• [Task directions] Leave the pictures aside. Retype exactly the lines from the top of the data below through the one holding "msp = doc.modelspace()".
Start of Given data
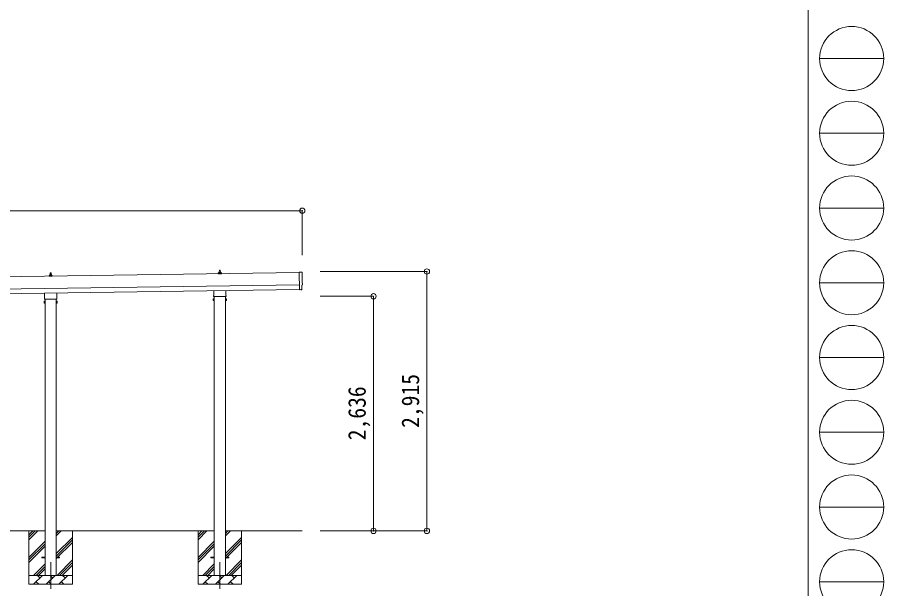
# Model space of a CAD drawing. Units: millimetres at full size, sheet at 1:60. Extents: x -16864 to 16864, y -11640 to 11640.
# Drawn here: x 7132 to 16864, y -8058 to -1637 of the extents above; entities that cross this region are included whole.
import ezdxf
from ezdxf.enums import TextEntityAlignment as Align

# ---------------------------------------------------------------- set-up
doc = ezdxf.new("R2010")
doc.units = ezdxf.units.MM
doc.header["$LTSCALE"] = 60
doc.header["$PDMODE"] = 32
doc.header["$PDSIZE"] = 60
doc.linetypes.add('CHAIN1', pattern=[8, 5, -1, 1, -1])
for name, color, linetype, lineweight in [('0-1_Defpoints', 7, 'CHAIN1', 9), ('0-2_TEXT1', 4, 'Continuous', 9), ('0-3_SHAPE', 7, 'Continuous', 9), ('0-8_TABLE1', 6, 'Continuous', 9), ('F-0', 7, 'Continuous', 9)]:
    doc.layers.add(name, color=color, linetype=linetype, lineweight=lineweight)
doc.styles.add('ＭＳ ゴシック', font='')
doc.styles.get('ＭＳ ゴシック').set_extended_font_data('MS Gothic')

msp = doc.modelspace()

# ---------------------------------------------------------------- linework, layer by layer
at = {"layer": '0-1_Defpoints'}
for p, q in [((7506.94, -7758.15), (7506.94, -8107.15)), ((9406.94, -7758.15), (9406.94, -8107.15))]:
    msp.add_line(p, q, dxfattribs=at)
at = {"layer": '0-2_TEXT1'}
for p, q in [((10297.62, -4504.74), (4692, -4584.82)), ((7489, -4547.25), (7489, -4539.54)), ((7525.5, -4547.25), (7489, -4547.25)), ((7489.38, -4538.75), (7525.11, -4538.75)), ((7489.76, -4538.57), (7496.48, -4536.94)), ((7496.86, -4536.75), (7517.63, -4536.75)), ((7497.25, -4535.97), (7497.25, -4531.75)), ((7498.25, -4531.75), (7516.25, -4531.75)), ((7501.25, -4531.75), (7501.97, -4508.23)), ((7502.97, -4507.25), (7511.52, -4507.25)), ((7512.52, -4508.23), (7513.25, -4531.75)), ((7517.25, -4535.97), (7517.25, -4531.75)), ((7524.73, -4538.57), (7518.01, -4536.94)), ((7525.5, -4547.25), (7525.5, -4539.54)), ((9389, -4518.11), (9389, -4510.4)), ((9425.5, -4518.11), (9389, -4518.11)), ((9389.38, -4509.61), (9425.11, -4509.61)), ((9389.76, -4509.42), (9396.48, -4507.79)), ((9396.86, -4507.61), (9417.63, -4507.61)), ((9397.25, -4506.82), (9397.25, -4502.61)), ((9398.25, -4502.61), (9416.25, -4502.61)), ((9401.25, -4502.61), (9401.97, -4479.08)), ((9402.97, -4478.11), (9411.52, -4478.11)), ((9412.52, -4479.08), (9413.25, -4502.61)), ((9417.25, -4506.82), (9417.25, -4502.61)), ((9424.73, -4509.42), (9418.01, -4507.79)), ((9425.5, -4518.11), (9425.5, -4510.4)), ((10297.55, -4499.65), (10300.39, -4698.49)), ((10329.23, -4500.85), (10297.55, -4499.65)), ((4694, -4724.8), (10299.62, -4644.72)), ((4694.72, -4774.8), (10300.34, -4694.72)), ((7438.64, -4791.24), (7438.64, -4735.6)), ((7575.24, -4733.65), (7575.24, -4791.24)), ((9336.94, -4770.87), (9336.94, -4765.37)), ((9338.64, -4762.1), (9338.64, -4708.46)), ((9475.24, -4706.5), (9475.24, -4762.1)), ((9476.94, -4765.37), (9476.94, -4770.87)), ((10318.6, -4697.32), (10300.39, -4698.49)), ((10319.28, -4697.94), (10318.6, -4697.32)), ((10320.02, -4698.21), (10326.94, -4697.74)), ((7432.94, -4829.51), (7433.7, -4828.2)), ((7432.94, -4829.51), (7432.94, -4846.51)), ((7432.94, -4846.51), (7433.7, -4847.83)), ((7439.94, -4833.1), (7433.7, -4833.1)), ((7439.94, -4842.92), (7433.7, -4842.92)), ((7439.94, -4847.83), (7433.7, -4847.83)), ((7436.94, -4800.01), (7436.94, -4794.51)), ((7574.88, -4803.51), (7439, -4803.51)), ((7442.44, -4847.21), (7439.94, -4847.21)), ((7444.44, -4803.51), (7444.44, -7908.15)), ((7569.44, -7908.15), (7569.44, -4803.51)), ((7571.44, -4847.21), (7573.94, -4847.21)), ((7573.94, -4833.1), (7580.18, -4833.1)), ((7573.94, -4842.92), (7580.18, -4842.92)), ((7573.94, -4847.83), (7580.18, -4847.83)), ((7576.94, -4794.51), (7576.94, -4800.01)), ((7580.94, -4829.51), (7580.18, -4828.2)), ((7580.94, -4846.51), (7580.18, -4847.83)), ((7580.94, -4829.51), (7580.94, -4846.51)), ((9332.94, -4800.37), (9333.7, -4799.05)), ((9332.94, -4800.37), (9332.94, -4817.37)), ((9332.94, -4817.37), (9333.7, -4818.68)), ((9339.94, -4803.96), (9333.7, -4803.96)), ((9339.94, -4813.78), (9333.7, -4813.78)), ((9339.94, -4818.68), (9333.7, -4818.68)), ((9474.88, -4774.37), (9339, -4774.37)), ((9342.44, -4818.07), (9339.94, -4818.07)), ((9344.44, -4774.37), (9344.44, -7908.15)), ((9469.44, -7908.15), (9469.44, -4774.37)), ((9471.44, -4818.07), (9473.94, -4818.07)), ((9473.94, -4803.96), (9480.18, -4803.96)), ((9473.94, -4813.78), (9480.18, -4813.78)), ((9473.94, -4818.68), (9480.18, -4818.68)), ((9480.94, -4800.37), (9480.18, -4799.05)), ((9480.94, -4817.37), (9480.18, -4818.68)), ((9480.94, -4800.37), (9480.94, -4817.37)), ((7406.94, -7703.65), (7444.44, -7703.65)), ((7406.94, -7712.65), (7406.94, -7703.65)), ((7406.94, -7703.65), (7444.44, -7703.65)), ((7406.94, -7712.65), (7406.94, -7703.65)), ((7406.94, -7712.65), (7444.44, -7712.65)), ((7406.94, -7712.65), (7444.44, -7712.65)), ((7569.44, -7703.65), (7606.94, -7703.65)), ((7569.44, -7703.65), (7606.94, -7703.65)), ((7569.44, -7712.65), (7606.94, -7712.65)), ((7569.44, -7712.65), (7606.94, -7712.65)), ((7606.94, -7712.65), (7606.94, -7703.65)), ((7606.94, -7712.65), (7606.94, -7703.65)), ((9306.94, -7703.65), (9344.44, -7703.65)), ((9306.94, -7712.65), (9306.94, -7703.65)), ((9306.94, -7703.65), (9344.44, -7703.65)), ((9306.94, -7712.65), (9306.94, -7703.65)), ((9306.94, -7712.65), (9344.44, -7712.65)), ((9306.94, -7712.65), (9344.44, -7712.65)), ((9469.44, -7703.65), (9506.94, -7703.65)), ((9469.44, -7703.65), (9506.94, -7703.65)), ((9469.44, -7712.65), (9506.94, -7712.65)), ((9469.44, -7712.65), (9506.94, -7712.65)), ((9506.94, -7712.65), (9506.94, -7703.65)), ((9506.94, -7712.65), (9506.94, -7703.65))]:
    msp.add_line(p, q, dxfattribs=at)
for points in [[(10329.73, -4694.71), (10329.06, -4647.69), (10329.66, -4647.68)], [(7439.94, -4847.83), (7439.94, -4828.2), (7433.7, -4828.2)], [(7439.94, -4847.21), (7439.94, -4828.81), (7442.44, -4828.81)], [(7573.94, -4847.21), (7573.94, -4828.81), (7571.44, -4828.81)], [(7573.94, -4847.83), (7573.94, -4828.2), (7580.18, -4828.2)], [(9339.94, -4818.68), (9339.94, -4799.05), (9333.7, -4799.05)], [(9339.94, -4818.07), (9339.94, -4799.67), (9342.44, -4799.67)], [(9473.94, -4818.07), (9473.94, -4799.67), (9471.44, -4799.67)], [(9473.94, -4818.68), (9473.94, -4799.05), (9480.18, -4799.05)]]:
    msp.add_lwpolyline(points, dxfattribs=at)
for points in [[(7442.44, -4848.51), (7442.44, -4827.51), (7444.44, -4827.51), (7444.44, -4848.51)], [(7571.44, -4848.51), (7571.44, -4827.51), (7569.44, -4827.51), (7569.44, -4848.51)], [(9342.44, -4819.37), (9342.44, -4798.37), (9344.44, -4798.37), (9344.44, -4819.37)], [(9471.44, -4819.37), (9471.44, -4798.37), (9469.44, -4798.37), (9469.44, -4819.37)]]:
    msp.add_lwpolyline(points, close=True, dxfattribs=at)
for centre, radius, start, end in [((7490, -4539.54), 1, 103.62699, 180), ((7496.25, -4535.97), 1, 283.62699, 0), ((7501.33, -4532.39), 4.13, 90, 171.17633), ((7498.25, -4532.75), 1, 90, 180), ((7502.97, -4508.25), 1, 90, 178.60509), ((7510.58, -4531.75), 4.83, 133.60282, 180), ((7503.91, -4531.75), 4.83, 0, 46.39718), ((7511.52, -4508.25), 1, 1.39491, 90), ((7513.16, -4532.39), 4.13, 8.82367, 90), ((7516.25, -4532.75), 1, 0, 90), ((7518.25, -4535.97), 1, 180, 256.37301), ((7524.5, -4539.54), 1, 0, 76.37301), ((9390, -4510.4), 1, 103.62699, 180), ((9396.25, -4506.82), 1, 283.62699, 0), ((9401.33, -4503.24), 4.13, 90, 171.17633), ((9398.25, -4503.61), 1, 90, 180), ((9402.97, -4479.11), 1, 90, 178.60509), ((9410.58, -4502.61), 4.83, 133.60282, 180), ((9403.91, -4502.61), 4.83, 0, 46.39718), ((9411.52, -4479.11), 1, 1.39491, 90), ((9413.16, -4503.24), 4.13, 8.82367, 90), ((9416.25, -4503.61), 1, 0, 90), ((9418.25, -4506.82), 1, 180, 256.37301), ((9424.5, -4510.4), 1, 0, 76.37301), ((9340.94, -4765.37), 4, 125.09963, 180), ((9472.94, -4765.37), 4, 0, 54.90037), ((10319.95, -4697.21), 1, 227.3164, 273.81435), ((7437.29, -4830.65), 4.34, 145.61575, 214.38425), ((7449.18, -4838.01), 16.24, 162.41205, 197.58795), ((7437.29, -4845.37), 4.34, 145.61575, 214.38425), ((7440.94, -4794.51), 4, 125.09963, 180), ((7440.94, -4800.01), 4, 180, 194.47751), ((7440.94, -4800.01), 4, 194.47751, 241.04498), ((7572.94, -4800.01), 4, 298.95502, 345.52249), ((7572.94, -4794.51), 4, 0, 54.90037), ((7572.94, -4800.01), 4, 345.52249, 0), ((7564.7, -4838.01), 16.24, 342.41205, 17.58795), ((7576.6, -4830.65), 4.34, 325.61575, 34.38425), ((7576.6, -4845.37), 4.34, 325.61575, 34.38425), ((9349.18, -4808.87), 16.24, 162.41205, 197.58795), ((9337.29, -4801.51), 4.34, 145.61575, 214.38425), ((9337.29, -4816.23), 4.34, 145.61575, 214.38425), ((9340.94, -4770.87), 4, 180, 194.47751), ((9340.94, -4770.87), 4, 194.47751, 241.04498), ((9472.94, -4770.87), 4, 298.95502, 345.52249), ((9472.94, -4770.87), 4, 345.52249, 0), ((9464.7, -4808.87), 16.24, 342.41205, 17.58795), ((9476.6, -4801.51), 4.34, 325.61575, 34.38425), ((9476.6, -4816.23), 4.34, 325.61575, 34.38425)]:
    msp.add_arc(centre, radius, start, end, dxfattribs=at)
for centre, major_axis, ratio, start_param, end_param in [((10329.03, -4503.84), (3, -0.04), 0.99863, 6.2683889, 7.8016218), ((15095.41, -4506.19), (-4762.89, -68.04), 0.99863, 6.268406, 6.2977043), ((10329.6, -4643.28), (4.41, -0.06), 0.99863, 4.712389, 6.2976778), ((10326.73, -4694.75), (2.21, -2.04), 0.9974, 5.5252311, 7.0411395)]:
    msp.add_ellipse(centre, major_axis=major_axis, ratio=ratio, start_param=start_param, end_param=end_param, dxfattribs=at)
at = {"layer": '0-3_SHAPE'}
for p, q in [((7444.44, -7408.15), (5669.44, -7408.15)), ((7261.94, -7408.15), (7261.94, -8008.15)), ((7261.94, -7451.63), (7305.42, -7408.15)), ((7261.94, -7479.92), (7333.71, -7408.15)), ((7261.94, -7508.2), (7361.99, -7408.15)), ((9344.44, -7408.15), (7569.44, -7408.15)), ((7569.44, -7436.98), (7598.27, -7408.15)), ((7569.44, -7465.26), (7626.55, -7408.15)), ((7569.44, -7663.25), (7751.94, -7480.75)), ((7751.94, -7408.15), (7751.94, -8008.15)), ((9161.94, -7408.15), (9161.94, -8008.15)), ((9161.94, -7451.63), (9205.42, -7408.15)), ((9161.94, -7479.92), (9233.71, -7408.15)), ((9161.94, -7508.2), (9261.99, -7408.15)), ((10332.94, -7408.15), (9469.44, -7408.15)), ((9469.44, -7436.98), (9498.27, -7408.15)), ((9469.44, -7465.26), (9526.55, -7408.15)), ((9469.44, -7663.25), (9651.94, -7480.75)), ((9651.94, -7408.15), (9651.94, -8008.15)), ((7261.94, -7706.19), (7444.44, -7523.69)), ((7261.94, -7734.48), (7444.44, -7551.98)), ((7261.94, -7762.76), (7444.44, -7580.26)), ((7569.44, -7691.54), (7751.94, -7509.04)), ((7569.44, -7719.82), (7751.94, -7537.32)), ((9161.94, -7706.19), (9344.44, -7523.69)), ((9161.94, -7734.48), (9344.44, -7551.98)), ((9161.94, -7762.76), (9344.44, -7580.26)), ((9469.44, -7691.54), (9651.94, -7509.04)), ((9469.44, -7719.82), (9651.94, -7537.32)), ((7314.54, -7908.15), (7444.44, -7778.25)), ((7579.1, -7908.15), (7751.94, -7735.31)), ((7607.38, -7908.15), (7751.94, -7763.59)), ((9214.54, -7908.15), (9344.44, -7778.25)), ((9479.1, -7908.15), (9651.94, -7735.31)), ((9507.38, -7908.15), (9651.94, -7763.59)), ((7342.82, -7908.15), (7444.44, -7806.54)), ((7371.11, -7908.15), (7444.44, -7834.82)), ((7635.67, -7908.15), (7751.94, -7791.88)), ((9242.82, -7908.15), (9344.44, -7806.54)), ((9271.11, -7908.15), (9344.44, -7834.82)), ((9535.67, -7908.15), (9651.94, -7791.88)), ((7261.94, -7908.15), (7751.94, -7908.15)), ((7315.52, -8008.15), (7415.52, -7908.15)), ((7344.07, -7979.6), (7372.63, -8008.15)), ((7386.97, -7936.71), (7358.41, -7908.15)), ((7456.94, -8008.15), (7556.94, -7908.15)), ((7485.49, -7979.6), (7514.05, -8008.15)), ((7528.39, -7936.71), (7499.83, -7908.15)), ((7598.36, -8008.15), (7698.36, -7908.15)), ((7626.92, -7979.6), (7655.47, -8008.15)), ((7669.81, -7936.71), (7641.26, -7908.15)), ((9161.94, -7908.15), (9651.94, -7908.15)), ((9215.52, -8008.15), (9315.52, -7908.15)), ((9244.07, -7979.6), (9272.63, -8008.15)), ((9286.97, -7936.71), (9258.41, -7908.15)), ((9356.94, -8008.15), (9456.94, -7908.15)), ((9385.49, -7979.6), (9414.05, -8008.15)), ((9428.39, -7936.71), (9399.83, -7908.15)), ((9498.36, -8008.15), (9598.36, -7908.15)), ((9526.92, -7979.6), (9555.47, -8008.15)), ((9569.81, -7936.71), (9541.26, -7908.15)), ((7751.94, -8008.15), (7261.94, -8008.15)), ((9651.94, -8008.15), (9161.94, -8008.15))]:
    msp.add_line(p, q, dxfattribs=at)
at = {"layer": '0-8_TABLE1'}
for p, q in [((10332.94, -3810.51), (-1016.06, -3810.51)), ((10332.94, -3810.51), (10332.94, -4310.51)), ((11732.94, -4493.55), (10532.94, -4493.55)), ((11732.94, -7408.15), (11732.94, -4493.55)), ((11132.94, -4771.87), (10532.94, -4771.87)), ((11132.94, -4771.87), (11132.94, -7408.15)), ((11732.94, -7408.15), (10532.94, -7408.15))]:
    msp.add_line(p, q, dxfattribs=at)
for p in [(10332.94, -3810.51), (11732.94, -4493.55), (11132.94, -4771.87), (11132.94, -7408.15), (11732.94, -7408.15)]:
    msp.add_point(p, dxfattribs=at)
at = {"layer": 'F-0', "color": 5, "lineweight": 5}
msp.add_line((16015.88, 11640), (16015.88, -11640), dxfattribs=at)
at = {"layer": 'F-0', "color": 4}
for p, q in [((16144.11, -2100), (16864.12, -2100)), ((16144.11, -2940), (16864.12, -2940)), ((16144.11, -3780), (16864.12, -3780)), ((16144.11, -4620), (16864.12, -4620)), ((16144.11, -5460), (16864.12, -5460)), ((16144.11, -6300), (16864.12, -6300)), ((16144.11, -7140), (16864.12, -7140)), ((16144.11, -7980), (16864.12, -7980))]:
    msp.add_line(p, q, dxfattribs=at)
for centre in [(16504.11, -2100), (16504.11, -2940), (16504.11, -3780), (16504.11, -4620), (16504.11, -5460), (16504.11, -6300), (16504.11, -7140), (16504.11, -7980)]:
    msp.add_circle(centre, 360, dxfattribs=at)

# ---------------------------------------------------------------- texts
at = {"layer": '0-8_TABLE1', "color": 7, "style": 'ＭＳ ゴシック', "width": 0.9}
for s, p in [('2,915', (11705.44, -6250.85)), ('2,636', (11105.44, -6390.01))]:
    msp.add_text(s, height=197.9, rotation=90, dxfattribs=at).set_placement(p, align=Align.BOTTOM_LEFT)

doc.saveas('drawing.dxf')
End of Given data
• [Reply to the exercise]
# Model space of a CAD drawing. Units: millimetres at full size, sheet at 1:60. Extents: x -16864 to 16864, y -11640 to 11640.
# Drawn here: x 7132 to 16864, y -8058 to -1637 of the extents above; entities that cross this region are included whole.
import ezdxf
from ezdxf.enums import TextEntityAlignment as Align

# ---------------------------------------------------------------- set-up
doc = ezdxf.new("R2010")
doc.units = ezdxf.units.MM
doc.header["$LTSCALE"] = 60
doc.header["$PDMODE"] = 32
doc.header["$PDSIZE"] = 60
doc.linetypes.add('CHAIN1', pattern=[8, 5, -1, 1, -1])
for name, color, linetype, lineweight in [('0-1_Defpoints', 7, 'CHAIN1', 9), ('0-2_TEXT1', 4, 'Continuous', 9), ('0-3_SHAPE', 7, 'Continuous', 9), ('0-8_TABLE1', 6, 'Continuous', 9), ('F-0', 7, 'Continuous', 9)]:
    doc.layers.add(name, color=color, linetype=linetype, lineweight=lineweight)
doc.styles.add('ＭＳ ゴシック', font='')
doc.styles.get('ＭＳ ゴシック').set_extended_font_data('MS Gothic')

msp = doc.modelspace()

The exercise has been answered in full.